Differentiation is a powerful mathematical technique used to find the rate at which a function is changing at any given point. It's a basic tool in calculus that helps in finding the maxima or minima of a function. In our problem, the goal is to maximize the present value of an investment over time. Hence, differentiation is used to obtain the derivative of the present value function with respect to time, \( t \).
This is done by applying the rules of derivatives, including the chain rule, to the defined function \( f(t) = 40,000 e^{2 \sqrt{t} - 0.06 t} \). By finding the first derivative \( f'(t) \), we are essentially determining how the present value changes as time progresses. The critical points, or the values of \( t \) where \( f'(t) = 0 \), potentially indicate where the maximum present value occurs.

• Take the derivative of the function \( f(t) \) to identify the rate of change.
• Set \( f'(t) = 0 \) to find points where the rate of change is zero, signaling potential maxima or minima.
• Evaluate the points to confirm which one provides the maximum present value.

This detailed understanding and correct application of differentiation allow us to effectively find the optimal time \( t \) for investment maximization.

An exponential function is one where the variable appears in the exponent, as in \( f(t) = 40,000 e^{2 \sqrt{t} - 0.06 t} \). Exponential functions are incredibly powerful in modeling growth or decay processes, such as investments, populations, and radioactive decay. In the context of the problem, the expression \( e^{2 \sqrt{t} - 0.06 t} \) reflects how the value of the land grows exponentially over time, factoring in both natural growth and inflation decay.
The key properties of exponential functions include:

• Continuous growth or decay.
• A constant rate of growth at any larger scale.

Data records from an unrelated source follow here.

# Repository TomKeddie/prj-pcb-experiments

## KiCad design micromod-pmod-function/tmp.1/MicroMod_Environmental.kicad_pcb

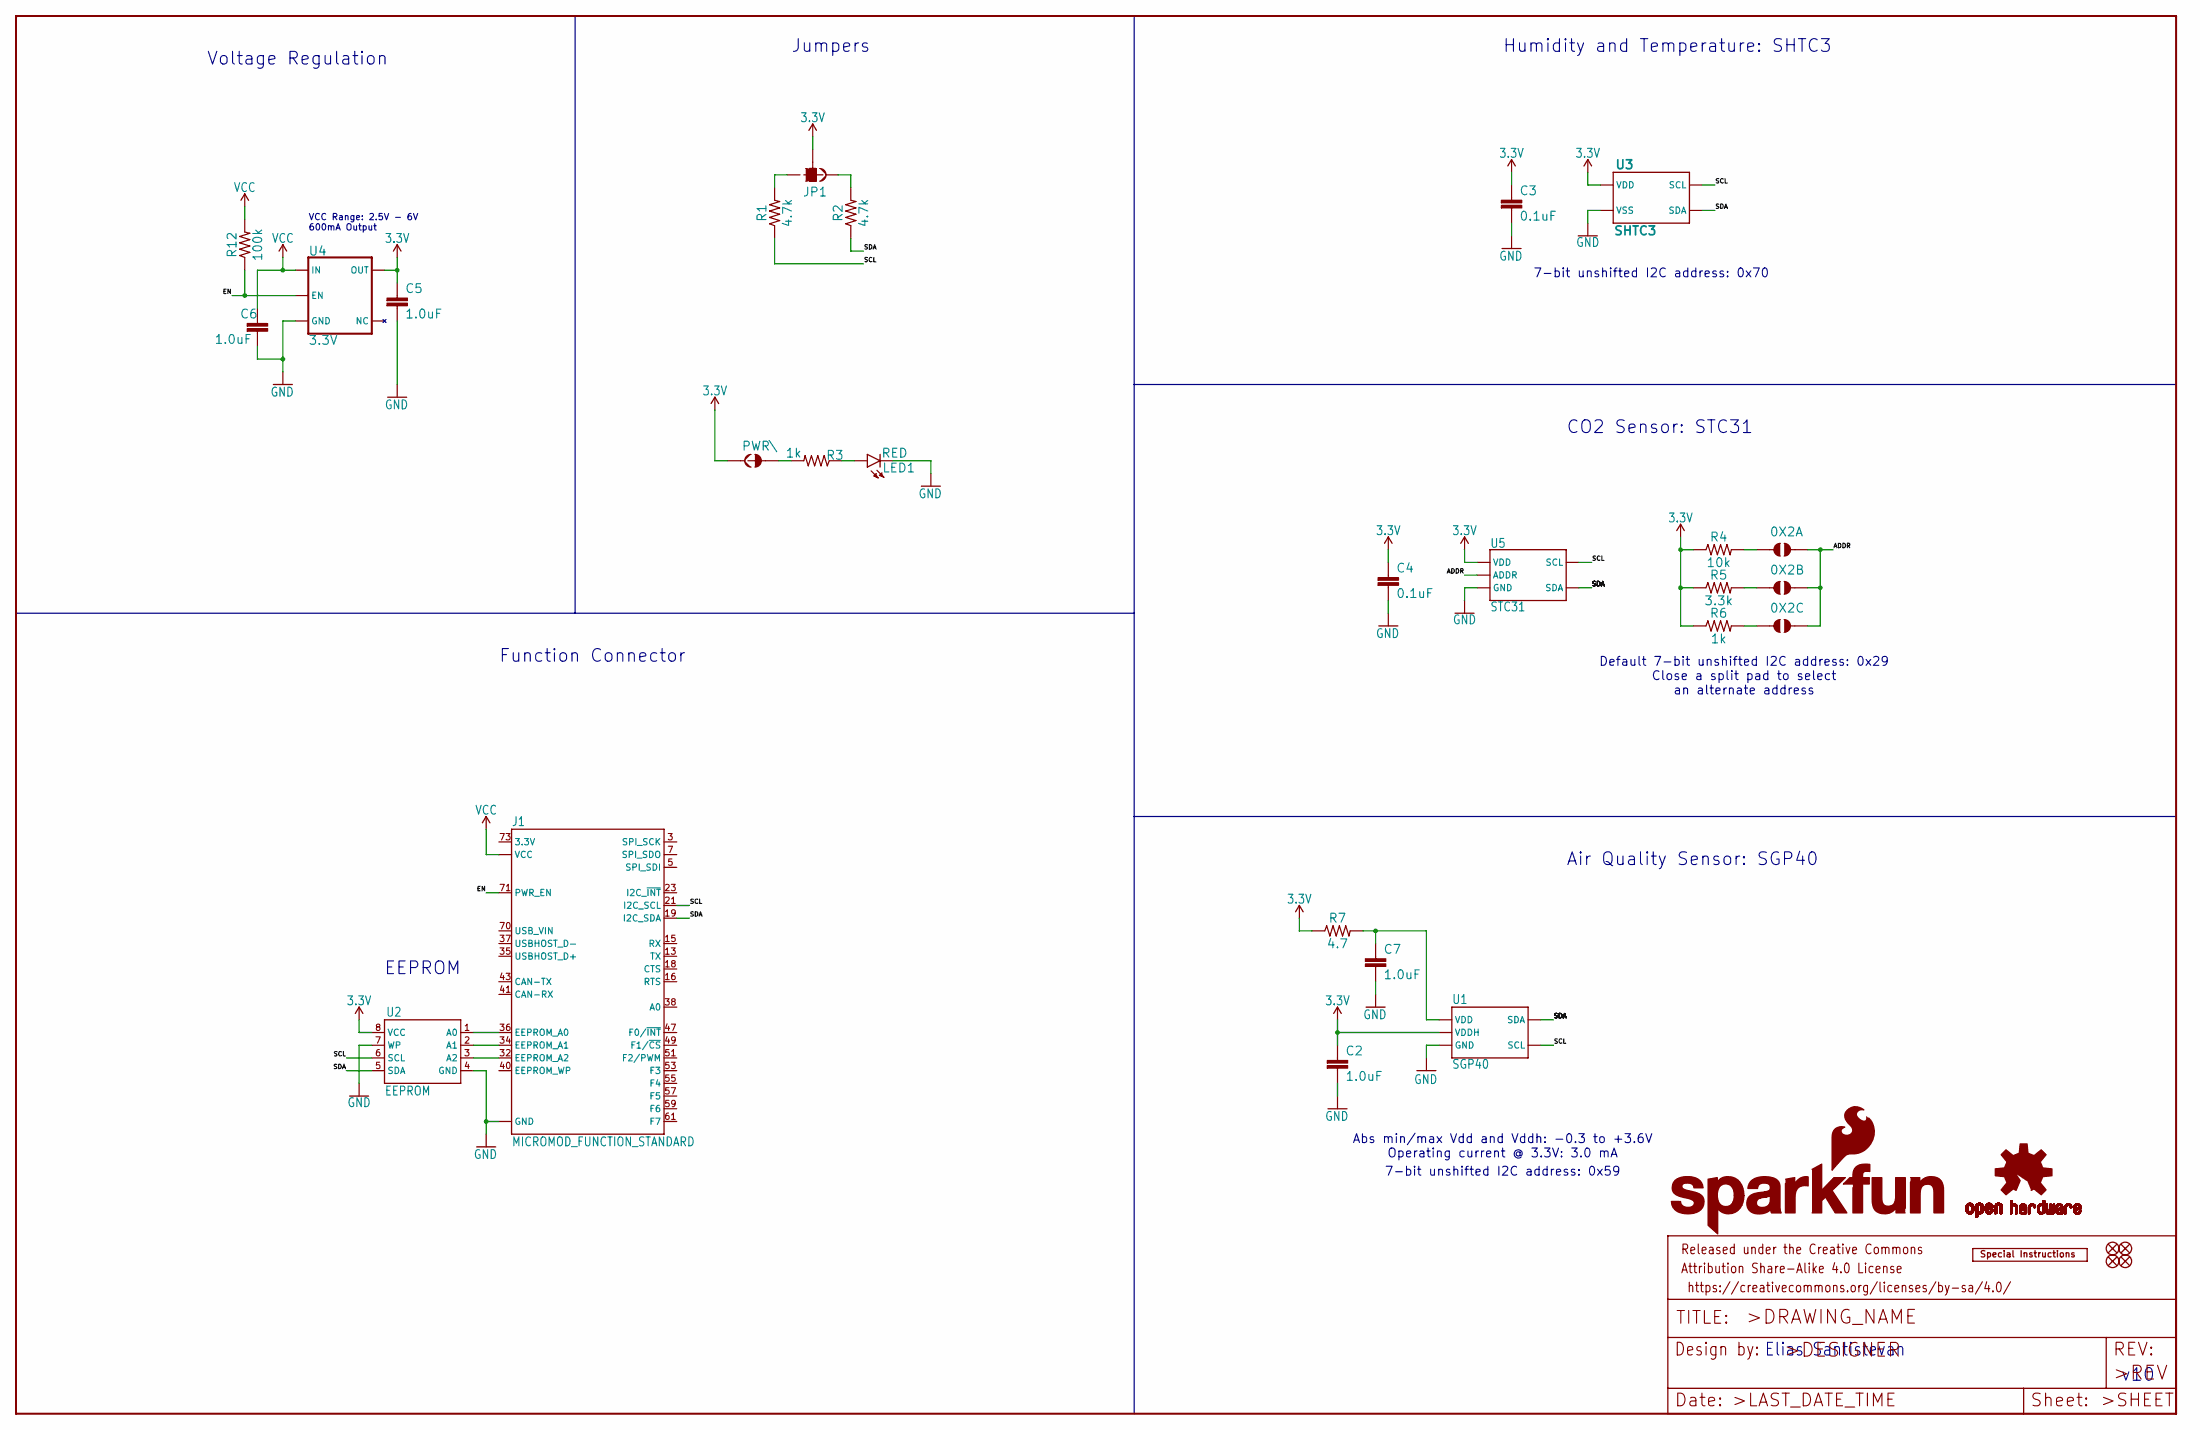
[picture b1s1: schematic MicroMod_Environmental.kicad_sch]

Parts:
0X2A, 0X2B, 0X2C: JUMPER-SMT_2_NO_SILK; SMT-JUMPER_2_NO_SILK
C2, C5, C6, C7: 1.0uF; 0603
C3, C4: 0.1uF; 0603
FD1, FD2, FD3, FD4: FIDUCIAL1X2; FIDUCIAL-1X2
FRAME1: FRAME-LEDGER; CREATIVE_COMMONS
J1: MICROMOD_FUNCTION_STANDARD; M.2-CARD-E-22_FUNCTION_STANDARD
JP1: JUMPER-SMT_3_2-NC_TRACE_SILK; SMT-JUMPER_3_2-NC_TRACE_SILK
LED1: RED; LED-0603
LOGO1: SFE_LOGO_NAME_FLAME.2_INCH; SFE_LOGO_NAME_FLAME_.2
LOGO2: OSHW-LOGOS; OSHW-LOGO-S
LOGO3: SPECIAL_INSTRUCTIONS-ORDERING; ORDERING_INSTRUCTIONS
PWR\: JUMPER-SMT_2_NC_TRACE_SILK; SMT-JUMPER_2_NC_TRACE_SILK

These functions are special because they are always positive, never reaching zero or negative values. In our exercise, the exponential term ensures continuity and contributes significantly to how the present value evolves over time. Moreover, understanding how changes in the exponents, such as \( 2 \sqrt{t} \) and \( -0.06 t \), affect the whole function is crucial to solving for maximum value points by calculus methods including differentiation.

Inflation adjustment is crucial when considering the real value of money over time. Inflation reduces the purchasing power of money, meaning that over time, the same amount of money buys fewer goods and services. In the context of investments or financial analysis, adjusting for inflation ensures that the calculated present value genuinely reflects future cash flows in today’s terms.
In the exercise, the term \( -0.06 t \) within the exponential reflects this adjustment. The 6% annual inflation rate is taken into account to correct the foresight of the investment's value in relation to time. By incorporating this term, the decrease in future value caused by inflation is part of the model.
Key considerations around inflation adjustment involve:

• Adjusting cash flow projections for expected inflation rates.
• Ensuring that investment evaluations are realistic and adjusted for time value.

This adjustment prevents potential over-valuation of the investment’s future value, and it’s why calculating the real present value gives a clearer picture of the worth of an investment after accounting for inflation.